◆ **DATA**:
##############################
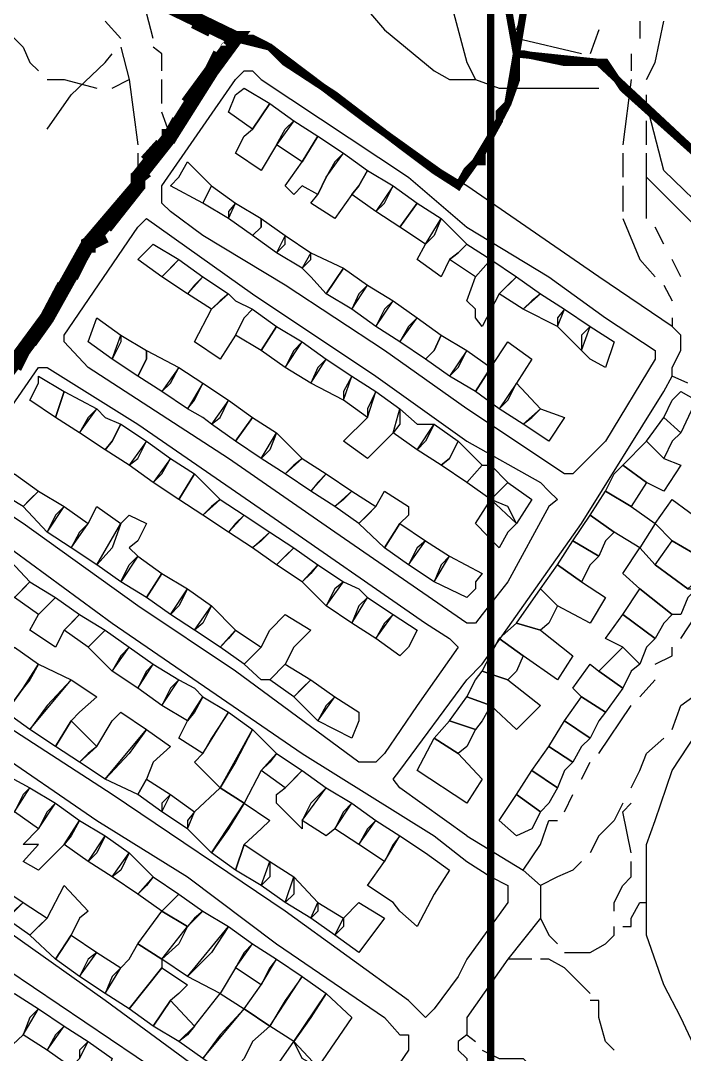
# Model space of a CAD drawing. Header units: millimetres. Extents: x -3588 to 75209, y -3737 to 38254.
# Drawn here: x 6027.3 to 6136.7, y 6183.4 to 6353.5 of the extents above; entities that cross this region are included whole.
import ezdxf

# ---------------------------------------------------------------- set-up
doc = ezdxf.new("R2010")
doc.units = ezdxf.units.MM
doc.layers.add('P', color=253, linetype='Continuous')

msp = doc.modelspace()

# ---------------------------------------------------------------- linework, layer by layer
at = {"layer": 'P'}
for points, const_width in [([(6104.804, -520.269), (6104.804, 8805.959)], 1.2), ([(6060.202, 6352.029), (6028.867, 6366.993), (6028.867, 6368.401), (5977.495, 6396.632), (5939.662, 6416.957), (5927.243, 6423.726), (5906.918, 6438.69), (5886.594, 6445.459), (5863.724, 6460.423), (5843.4, 6471.145), (5828.436, 6479.339), (5805.295, 6492.894), (5790.619, 6495.711), (5757.86, 6510.674)], 1.2), ([(6016.72, 6284.286), (6031.683, 6304.61), (6038.469, 6316.741), (6046.647, 6326.344), (6046.647, 6327.752), (6052.008, 6334.521), (6058.794, 6345.26), (6062.731, 6350.621), (6028.867, 6366.993), (6028.867, 6368.401), (5977.495, 6396.632)], 2.417), ([(6367.889, 6369.522), (6302.69, 6350.621), (6237.763, 6330.296), (6160.417, 6304.61), (6142.909, 6327.752), (6126.537, 6342.427), (6123.705, 6346.668), (6121.176, 6346.668), (6116.935, 6346.668), (6110.166, 6348.077), (6109.029, 6348.077), (6110.166, 6354.846), (6109.029, 6355.982), (6107.621, 6355.982), (6109.029, 6348.077), (6107.621, 6339.883), (6104.804, 6334.521), (6102.26, 6330.296), (6099.443, 6326.344), (6084.48, 6337.066), (6068.38, 6349.197), (6062.731, 6350.621), (6060.202, 6352.029)], 1.2), ([(6058.794, 6352.029), (6055.961, 6353.438)], 2.417), ([(6016.72, 6284.286), (6031.683, 6304.61), (6038.469, 6316.741), (6046.647, 6326.344), (6046.647, 6327.752), (6052.008, 6334.521), (6058.794, 6345.26), (6062.731, 6350.621), (6065.563, 6350.621), (6068.38, 6349.197), (6070.924, 6346.668), (6079.118, 6341.307), (6089.841, 6333.113), (6095.49, 6328.872), (6099.443, 6326.344), (6100.851, 6328.872), (6102.26, 6330.296), (6103.38, 6330.296), (6103.38, 6331.705), (6104.804, 6334.521), (6106.213, 6337.066), (6106.213, 6338.474), (6107.621, 6339.883), (6109.029, 6343.836), (6109.029, 6348.077), (6122.584, 6346.668), (6142.909, 6327.752)], 1.2), ([(6061.61, 6349.197), (6062.731, 6350.621), (6061.61, 6350.621)], 2.417), ([(6054.841, 6339.883), (6058.794, 6345.26), (6060.202, 6348.077)], 2.417), ([(6050.6, 6334.521), (6052.008, 6334.521), (6053.416, 6337.066)], 2.417), ([(6048.055, 6330.296), (6050.6, 6333.113)], 2.417), ([(6041.286, 6319.558), (6046.647, 6326.344), (6046.647, 6327.752), (6048.055, 6328.872)], 2.417), ([(6038.469, 6315.333), (6038.469, 6316.741), (6041.286, 6318.15)], 2.417), ([(6035.636, 6311.38), (6037.045, 6314.197)], 2.417), ([(6028.867, 6300.658), (6031.683, 6304.61), (6034.516, 6309.972)], 2.417), ([(6026.322, 6296.417), (6027.73, 6299.233)], 2.417)]:
    msp.add_lwpolyline(points, dxfattribs=dict(at, const_width=const_width))
for points in [[(6079.118, 6361.632), (6087.296, 6352.029), (6095.49, 6345.26), (6098.019, 6343.836), (6100.851, 6343.836)], [(6049.191, 6350.621), (6048.055, 6354.846), (6043.83, 6358.799)], [(6098.019, 6358.799), (6098.019, 6357.391), (6100.851, 6346.668)], [(6109.029, 6352.029), (6110.166, 6354.846), (6109.029, 6355.982), (6107.621, 6355.982), (6103.38, 6357.391)], [(6041.286, 6353.438), (6043.83, 6350.621)], [(6129.354, 6353.438), (6129.354, 6350.621)], [(6130.49, 6343.836), (6131.899, 6346.668), (6133.307, 6353.438)], [(6024.914, 6352.029), (6027.73, 6349.197), (6028.867, 6346.668), (6030.275, 6345.26)], [(6122.584, 6352.029), (6121.176, 6348.077)], [(6043.83, 6349.197), (6045.239, 6343.836)], [(6050.6, 6345.26), (6050.6, 6348.077), (6049.191, 6349.197)], [(6100.851, 6326.344), (6089.841, 6333.113), (6079.118, 6341.307), (6070.924, 6346.668), (6068.38, 6349.197), (6065.563, 6350.621), (6062.731, 6350.621), (6058.794, 6345.26), (6052.008, 6334.521)], [(6119.768, 6348.077), (6109.029, 6350.621)], [(6031.683, 6335.658), (6035.636, 6341.307), (6041.286, 6346.668), (6042.406, 6348.077)], [(6127.946, 6348.077), (6127.946, 6345.26)], [(6100.851, 6346.668), (6102.26, 6343.836)], [(6050.6, 6323.511), (6050.6, 6324.935), (6050.6, 6326.344), (6062.731, 6343.836), (6064.155, 6345.26), (6065.563, 6345.26), (6066.972, 6343.836), (6091.249, 6327.752), (6100.851, 6319.558), (6114.391, 6311.38), (6123.705, 6304.61), (6131.899, 6299.233), (6131.899, 6297.825), (6123.705, 6284.286), (6118.343, 6278.909), (6116.935, 6278.909), (6100.851, 6289.647), (6087.296, 6299.233), (6070.924, 6309.972), (6057.369, 6318.15), (6052.008, 6322.103), (6050.6, 6323.511)], [(6031.683, 6343.836), (6034.516, 6343.836), (6039.877, 6342.427)], [(6042.406, 6342.427), (6045.239, 6343.836)], [(6045.239, 6343.836), (6046.647, 6333.113)], [(6050.6, 6339.883), (6050.6, 6342.427), (6050.6, 6343.836)], [(6062.731, 6341.307), (6064.155, 6342.427), (6068.38, 6339.883), (6065.563, 6335.658), (6061.61, 6338.474), (6062.731, 6341.307)], [(6100.851, 6343.836), (6102.26, 6343.836)], [(6102.26, 6343.836), (6106.213, 6342.427), (6122.584, 6342.427)], [(6127.946, 6343.836), (6126.537, 6333.113)], [(6130.49, 6338.474), (6130.49, 6339.883), (6130.49, 6341.307)], [(6064.155, 6334.521), (6065.563, 6335.658), (6068.38, 6339.883), (6072.333, 6337.066), (6069.516, 6333.113), (6066.972, 6328.872), (6062.731, 6331.705), (6064.155, 6334.521)], [(6176.789, 6287.102), (6175.365, 6288.223), (6170.003, 6296.417), (6163.234, 6306.019), (6153.632, 6314.197), (6141.501, 6320.982), (6133.307, 6328.872), (6130.49, 6339.883)], [(6052.008, 6334.521), (6050.6, 6338.474)], [(6070.924, 6335.658), (6072.333, 6337.066), (6076.286, 6334.521), (6073.741, 6330.296), (6069.516, 6333.113), (6070.924, 6335.658)], [(6130.49, 6333.113), (6130.49, 6335.658), (6130.49, 6337.066)], [(6052.008, 6334.521), (6046.647, 6327.752)], [(6079.118, 6330.296), (6077.694, 6327.752), (6076.286, 6324.935), (6073.741, 6326.344), (6072.333, 6324.935), (6070.924, 6326.344), (6073.741, 6330.296), (6076.286, 6334.521), (6080.527, 6331.705), (6079.118, 6330.296)], [(6046.647, 6331.705), (6046.647, 6327.752)], [(6083.055, 6326.344), (6081.935, 6324.935), (6079.118, 6320.982), (6075.165, 6323.511), (6076.286, 6324.935), (6077.694, 6327.752), (6080.527, 6331.705), (6084.48, 6328.872), (6083.055, 6326.344)], [(6126.537, 6331.705), (6126.537, 6327.752)], [(6130.49, 6320.982), (6130.49, 6323.511), (6130.49, 6330.296), (6130.49, 6331.705)], [(6053.416, 6327.752), (6054.841, 6330.296), (6058.794, 6326.344), (6057.369, 6323.511), (6052.008, 6326.344), (6053.416, 6327.752)], [(6083.055, 6326.344), (6084.48, 6328.872), (6088.705, 6326.344), (6085.888, 6322.103), (6081.935, 6324.935), (6083.055, 6326.344)], [(6046.647, 6327.752), (6046.647, 6326.344), (6038.469, 6316.741), (6031.683, 6304.61), (6016.72, 6284.286), (6004.589, 6265.369), (5992.442, 6247.573), (5972.118, 6220.479), (5966.756, 6211.165), (5962.531, 6205.804), (5959.987, 6199.034), (5958.578, 6192.248), (5958.578, 6184.071), (5961.107, 6177.285), (5963.94, 6166.274), (5965.348, 6163.746), (5966.756, 6160.913), (5967.893, 6155.552), (5987.081, 6143.421), (5989.626, 6145.95), (5991.034, 6144.829), (5982.856, 6133.819)], [(6130.49, 6327.752), (6140.093, 6318.15), (6150.815, 6311.38), (6160.417, 6303.186), (6168.595, 6295.008), (6172.548, 6287.102), (6173.956, 6282.861)], [(6061.61, 6322.103), (6061.61, 6320.982), (6057.369, 6323.511), (6058.794, 6326.344), (6062.731, 6323.511), (6061.61, 6322.103)], [(6087.296, 6323.511), (6088.705, 6326.344), (6092.658, 6323.511), (6089.841, 6319.558), (6085.888, 6322.103), (6087.296, 6323.511)], [(6134.715, 6303.186), (6122.584, 6311.38), (6100.851, 6326.344)], [(6126.537, 6326.344), (6126.537, 6322.103)], [(6066.972, 6319.558), (6065.563, 6318.15), (6061.61, 6320.982), (6062.731, 6323.511), (6066.972, 6320.982), (6066.972, 6319.558)], [(6095.49, 6318.15), (6094.066, 6316.741), (6089.841, 6319.558), (6092.658, 6323.511), (6096.61, 6320.982), (6095.49, 6318.15)], [(6034.516, 6300.658), (6034.516, 6301.778), (6046.647, 6319.558), (6048.055, 6320.982), (6065.563, 6308.547), (6085.888, 6295.008), (6100.851, 6284.286), (6112.982, 6277.5), (6114.391, 6276.092), (6115.815, 6274.684), (6114.391, 6273.547), (6107.621, 6261.128), (6103.38, 6255.767), (6102.26, 6254.359), (6100.851, 6254.359), (6079.118, 6269.322), (6061.61, 6281.453), (6038.469, 6296.417), (6034.516, 6300.658)], [(6066.972, 6319.558), (6066.972, 6320.982), (6070.924, 6318.15), (6069.516, 6315.333), (6065.563, 6318.15), (6066.972, 6319.558)], [(6099.443, 6315.333), (6098.019, 6314.197), (6096.61, 6311.38), (6092.658, 6314.197), (6094.066, 6316.741), (6096.61, 6320.982), (6100.851, 6316.741), (6099.443, 6315.333)], [(6126.537, 6320.982), (6129.354, 6314.197), (6131.899, 6311.38)], [(6133.307, 6316.741), (6131.899, 6319.558)], [(6070.924, 6316.741), (6070.924, 6318.15), (6075.165, 6315.333), (6073.741, 6312.788), (6069.516, 6315.333), (6070.924, 6316.741)], [(6052.008, 6312.788), (6050.6, 6311.38), (6046.647, 6314.197), (6049.191, 6316.741), (6053.416, 6314.197), (6052.008, 6312.788)], [(6075.165, 6314.197), (6075.165, 6315.333), (6080.527, 6312.788), (6077.694, 6308.547), (6075.165, 6311.38), (6073.741, 6312.788), (6075.165, 6314.197)], [(6099.443, 6315.333), (6100.851, 6316.741), (6104.804, 6314.197), (6102.26, 6311.38), (6098.019, 6314.197), (6099.443, 6315.333)], [(6055.961, 6309.972), (6054.841, 6308.547), (6050.6, 6311.38), (6053.416, 6314.197), (6057.369, 6311.38), (6055.961, 6309.972)], [(6107.621, 6309.972), (6106.213, 6308.547), (6103.38, 6303.186), (6102.26, 6304.61), (6102.26, 6306.019), (6100.851, 6307.427), (6102.26, 6311.38), (6104.804, 6314.197), (6109.029, 6311.38), (6107.621, 6309.972)], [(6136.14, 6311.38), (6134.715, 6314.197)], [(6083.055, 6308.547), (6081.935, 6306.019), (6077.694, 6308.547), (6080.527, 6312.788), (6084.48, 6309.972), (6083.055, 6308.547)], [(6060.202, 6307.427), (6058.794, 6306.019), (6054.841, 6308.547), (6057.369, 6311.38), (6061.61, 6308.547), (6060.202, 6307.427)], [(6087.296, 6306.019), (6085.888, 6303.186), (6081.935, 6306.019), (6084.48, 6309.972), (6088.705, 6307.427), (6087.296, 6306.019)], [(6111.574, 6307.427), (6110.166, 6306.019), (6106.213, 6308.547), (6109.029, 6311.38), (6112.982, 6308.547), (6111.574, 6307.427)], [(6133.307, 6309.972), (6134.715, 6307.427)], [(6064.155, 6304.61), (6062.731, 6301.778), (6060.202, 6297.825), (6055.961, 6300.658), (6058.794, 6306.019), (6061.61, 6308.547), (6062.731, 6307.427), (6065.563, 6306.019), (6064.155, 6304.61)], [(6115.815, 6304.61), (6115.815, 6303.186), (6110.166, 6306.019), (6112.982, 6308.547), (6116.935, 6306.019), (6115.815, 6304.61)], [(6091.249, 6303.186), (6089.841, 6300.658), (6085.888, 6303.186), (6088.705, 6307.427), (6092.658, 6304.61), (6091.249, 6303.186)], [(6064.155, 6304.61), (6065.563, 6306.019), (6069.516, 6303.186), (6066.972, 6299.233), (6062.731, 6301.778), (6064.155, 6304.61)], [(6119.768, 6301.778), (6119.768, 6299.233), (6115.815, 6303.186), (6116.935, 6306.019), (6121.176, 6303.186), (6119.768, 6301.778)], [(6043.83, 6300.658), (6042.406, 6297.825), (6038.469, 6300.658), (6039.877, 6304.61), (6043.83, 6301.778), (6043.83, 6300.658)], [(6072.333, 6299.233), (6070.924, 6296.417), (6066.972, 6299.233), (6069.516, 6303.186), (6073.741, 6300.658), (6072.333, 6299.233)], [(6095.49, 6299.233), (6094.066, 6297.825), (6089.841, 6300.658), (6092.658, 6304.61), (6096.61, 6301.778), (6095.49, 6299.233)], [(6121.176, 6297.825), (6119.768, 6299.233), (6121.176, 6303.186), (6125.129, 6300.658), (6123.705, 6296.417), (6121.176, 6297.825)], [(6134.715, 6304.61), (6134.715, 6303.186)], [(6134.715, 6295.008), (6134.715, 6296.417), (6136.14, 6299.233), (6136.14, 6300.658), (6136.14, 6301.778), (6134.715, 6303.186)], [(6048.055, 6297.825), (6046.647, 6295.008), (6042.406, 6297.825), (6043.83, 6301.778), (6048.055, 6299.233), (6048.055, 6297.825)], [(6095.49, 6299.233), (6096.61, 6301.778), (6100.851, 6299.233), (6098.019, 6295.008), (6094.066, 6297.825), (6095.49, 6299.233)], [(6076.286, 6296.417), (6075.165, 6293.872), (6070.924, 6296.417), (6073.741, 6300.658), (6077.694, 6297.825), (6076.286, 6296.417)], [(6102.26, 6292.464), (6104.804, 6296.417), (6107.621, 6300.658), (6111.574, 6297.825), (6109.029, 6293.872), (6106.213, 6289.647), (6102.26, 6292.464)], [(6048.055, 6297.825), (6048.055, 6299.233), (6053.416, 6296.417), (6050.6, 6292.464), (6046.647, 6295.008), (6048.055, 6297.825)], [(6099.443, 6296.417), (6100.851, 6299.233), (6104.804, 6296.417), (6102.26, 6292.464), (6098.019, 6295.008), (6099.443, 6296.417)], [(6083.055, 6231.49), (6062.731, 6246.453), (6046.647, 6257.175), (6027.73, 6270.731), (6019.553, 6276.092), (6018.144, 6276.092), (6018.144, 6277.5), (6018.144, 6278.909), (6030.275, 6296.417), (6031.683, 6296.417), (6046.647, 6287.102), (6068.38, 6272.139), (6094.066, 6254.359), (6098.019, 6251.814), (6099.443, 6250.406), (6092.658, 6240.804), (6087.296, 6232.898), (6085.888, 6231.49), (6084.48, 6231.49), (6083.055, 6231.49)], [(6052.008, 6293.872), (6053.416, 6296.417), (6057.369, 6293.872), (6054.841, 6289.647), (6050.6, 6292.464), (6052.008, 6293.872)], [(6080.527, 6292.464), (6080.527, 6291.055), (6075.165, 6293.872), (6077.694, 6297.825), (6081.935, 6295.008), (6080.527, 6292.464)], [(6030.275, 6293.872), (6030.275, 6295.008), (6034.516, 6292.464), (6033.092, 6288.223), (6028.867, 6291.055), (6030.275, 6293.872)], [(6084.48, 6289.647), (6084.48, 6288.223), (6080.527, 6291.055), (6081.935, 6295.008), (6085.888, 6292.464), (6084.48, 6289.647)], [(6100.851, 6245.045), (6103.38, 6247.573), (6119.768, 6270.731), (6133.307, 6292.464), (6134.715, 6295.008)], [(6137.26, 6293.872), (6134.715, 6295.008)], [(6055.961, 6291.055), (6057.369, 6293.872), (6061.61, 6291.055), (6058.794, 6287.102), (6057.369, 6288.223), (6054.841, 6289.647), (6055.961, 6291.055)], [(6107.621, 6291.055), (6109.029, 6293.872), (6112.982, 6289.647), (6110.166, 6287.102), (6106.213, 6289.647), (6107.621, 6291.055)], [(6038.469, 6288.223), (6037.045, 6285.694), (6033.092, 6288.223), (6034.516, 6292.464), (6039.877, 6289.647), (6038.469, 6288.223)], [(6089.841, 6287.102), (6088.705, 6285.694), (6084.48, 6281.453), (6080.527, 6284.286), (6084.48, 6288.223), (6085.888, 6292.464), (6089.841, 6289.647), (6089.841, 6287.102)], [(6134.715, 6291.055), (6136.14, 6292.464), (6138.668, 6291.055), (6136.14, 6285.694), (6133.307, 6288.223), (6134.715, 6291.055)], [(6042.406, 6284.286), (6041.286, 6282.861), (6037.045, 6285.694), (6039.877, 6289.647), (6041.286, 6288.223), (6043.83, 6287.102), (6042.406, 6284.286)], [(6060.202, 6288.223), (6061.61, 6291.055), (6065.563, 6288.223), (6062.731, 6284.286), (6058.794, 6287.102), (6060.202, 6288.223)], [(6094.066, 6284.286), (6092.658, 6282.861), (6088.705, 6285.694), (6089.841, 6289.647), (6092.658, 6287.102), (6095.49, 6287.102), (6094.066, 6284.286)], [(6111.574, 6288.223), (6112.982, 6289.647), (6116.935, 6288.223), (6114.391, 6284.286), (6110.166, 6287.102), (6111.574, 6288.223)], [(6068.38, 6282.861), (6066.972, 6281.453), (6062.731, 6284.286), (6065.563, 6288.223), (6069.516, 6285.694), (6068.38, 6282.861)], [(6134.715, 6284.286), (6133.307, 6281.453), (6130.49, 6284.286), (6133.307, 6288.223), (6136.14, 6285.694), (6134.715, 6284.286)], [(6042.406, 6284.286), (6043.83, 6287.102), (6048.055, 6284.286), (6045.239, 6280.333), (6041.286, 6282.861), (6042.406, 6284.286)], [(6098.019, 6281.453), (6096.61, 6280.333), (6092.658, 6282.861), (6095.49, 6287.102), (6099.443, 6284.286), (6098.019, 6281.453)], [(6072.333, 6280.333), (6070.924, 6278.909), (6066.972, 6281.453), (6069.516, 6285.694), (6073.741, 6281.453), (6072.333, 6280.333)], [(6046.647, 6281.453), (6048.055, 6284.286), (6052.008, 6281.453), (6049.191, 6277.5), (6045.239, 6280.333), (6046.647, 6281.453)], [(6098.019, 6281.453), (6099.443, 6284.286), (6103.38, 6280.333), (6100.851, 6277.5), (6096.61, 6280.333), (6098.019, 6281.453)], [(6133.307, 6281.453), (6136.14, 6280.333), (6133.307, 6276.092), (6130.49, 6277.5), (6126.537, 6280.333), (6130.49, 6284.286), (6133.307, 6281.453)], [(6050.6, 6278.909), (6052.008, 6281.453), (6055.961, 6278.909), (6053.416, 6274.684), (6049.191, 6277.5), (6050.6, 6278.909)], [(6076.286, 6277.5), (6075.165, 6276.092), (6070.924, 6278.909), (6073.741, 6281.453), (6077.694, 6278.909), (6076.286, 6277.5)], [(6106.213, 6276.092), (6104.804, 6274.684), (6100.851, 6277.5), (6103.38, 6280.333), (6104.804, 6280.333), (6107.621, 6277.5), (6106.213, 6276.092)], [(6125.129, 6278.909), (6126.537, 6280.333), (6130.49, 6277.5), (6127.946, 6273.547), (6123.705, 6276.092), (6125.129, 6278.909)], [(6130.49, 6208.348), (6130.49, 6209.756), (6130.49, 6217.934), (6131.899, 6221.887), (6134.715, 6230.081), (6145.454, 6246.453), (6153.632, 6257.175), (6160.417, 6266.778), (6167.187, 6276.092), (6171.14, 6280.333)], [(6028.867, 6274.684), (6027.73, 6273.547), (6023.505, 6276.092), (6026.322, 6278.909), (6030.275, 6276.092), (6028.867, 6274.684)], [(6058.794, 6273.547), (6057.369, 6272.139), (6053.416, 6274.684), (6055.961, 6278.909), (6060.202, 6274.684), (6058.794, 6273.547)], [(6080.527, 6274.684), (6079.118, 6273.547), (6075.165, 6276.092), (6077.694, 6278.909), (6081.935, 6276.092), (6080.527, 6274.684)], [(6033.092, 6272.139), (6031.683, 6269.322), (6027.73, 6273.547), (6030.275, 6276.092), (6034.516, 6273.547), (6033.092, 6272.139)], [(6084.48, 6272.139), (6083.055, 6270.731), (6079.118, 6273.547), (6081.935, 6276.092), (6085.888, 6273.547), (6084.48, 6272.139)], [(6091.249, 6272.139), (6089.841, 6270.731), (6087.296, 6266.778), (6083.055, 6270.731), (6085.888, 6273.547), (6087.296, 6276.092), (6091.249, 6273.547), (6091.249, 6272.139)], [(6107.621, 6273.547), (6104.804, 6274.684), (6107.621, 6277.5), (6111.574, 6274.684), (6109.029, 6270.731), (6107.621, 6273.547)], [(6127.946, 6273.547), (6131.899, 6270.731), (6129.354, 6266.778), (6125.129, 6269.322), (6121.176, 6272.139), (6123.705, 6276.092), (6127.946, 6273.547)], [(6062.731, 6270.731), (6061.61, 6269.322), (6057.369, 6272.139), (6060.202, 6274.684), (6064.155, 6272.139), (6062.731, 6270.731)], [(6107.621, 6269.322), (6106.213, 6266.778), (6102.26, 6270.731), (6104.804, 6274.684), (6109.029, 6270.731), (6107.621, 6269.322)], [(6140.093, 6270.731), (6144.029, 6267.898), (6141.501, 6263.961), (6134.715, 6267.898), (6131.899, 6270.731), (6134.715, 6274.684), (6140.093, 6270.731)], [(6001.756, 6253.223), (6001.756, 6254.359), (6014.191, 6272.139), (6015.312, 6273.547), (6016.72, 6273.547), (6018.144, 6272.139), (6042.406, 6254.359), (6073.741, 6232.898), (6095.49, 6219.359), (6100.851, 6215.118), (6104.804, 6212.573), (6107.621, 6211.165), (6107.621, 6208.348), (6100.851, 6199.034), (6099.443, 6196.201), (6095.49, 6190.84), (6094.066, 6189.432), (6091.249, 6192.248), (6070.924, 6206.924), (6042.406, 6226.128), (6015.312, 6243.636), (6001.756, 6253.223)], [(6037.045, 6269.322), (6035.636, 6266.778), (6031.683, 6269.322), (6034.516, 6273.547), (6038.469, 6270.731), (6037.045, 6269.322)], [(6042.406, 6266.778), (6039.877, 6263.961), (6035.636, 6266.778), (6038.469, 6270.731), (6039.877, 6273.547), (6043.83, 6270.731), (6042.406, 6266.778)], [(6046.647, 6267.898), (6045.239, 6266.778), (6046.647, 6265.369), (6043.83, 6261.128), (6039.877, 6263.961), (6043.83, 6270.731), (6045.239, 6272.139), (6048.055, 6270.731), (6046.647, 6267.898)], [(6066.972, 6267.898), (6065.563, 6266.778), (6061.61, 6269.322), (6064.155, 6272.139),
##############################
◆ **WHAT IS EXPECTED**:
Find all the lines containing "units" in the material, then copy them.

◆ **EXPECTED ANSWER**:
# Model space of a CAD drawing. Header units: millimetres. Extents: x -3588 to 75209, y -3737 to 38254.
doc.units = ezdxf.units.MM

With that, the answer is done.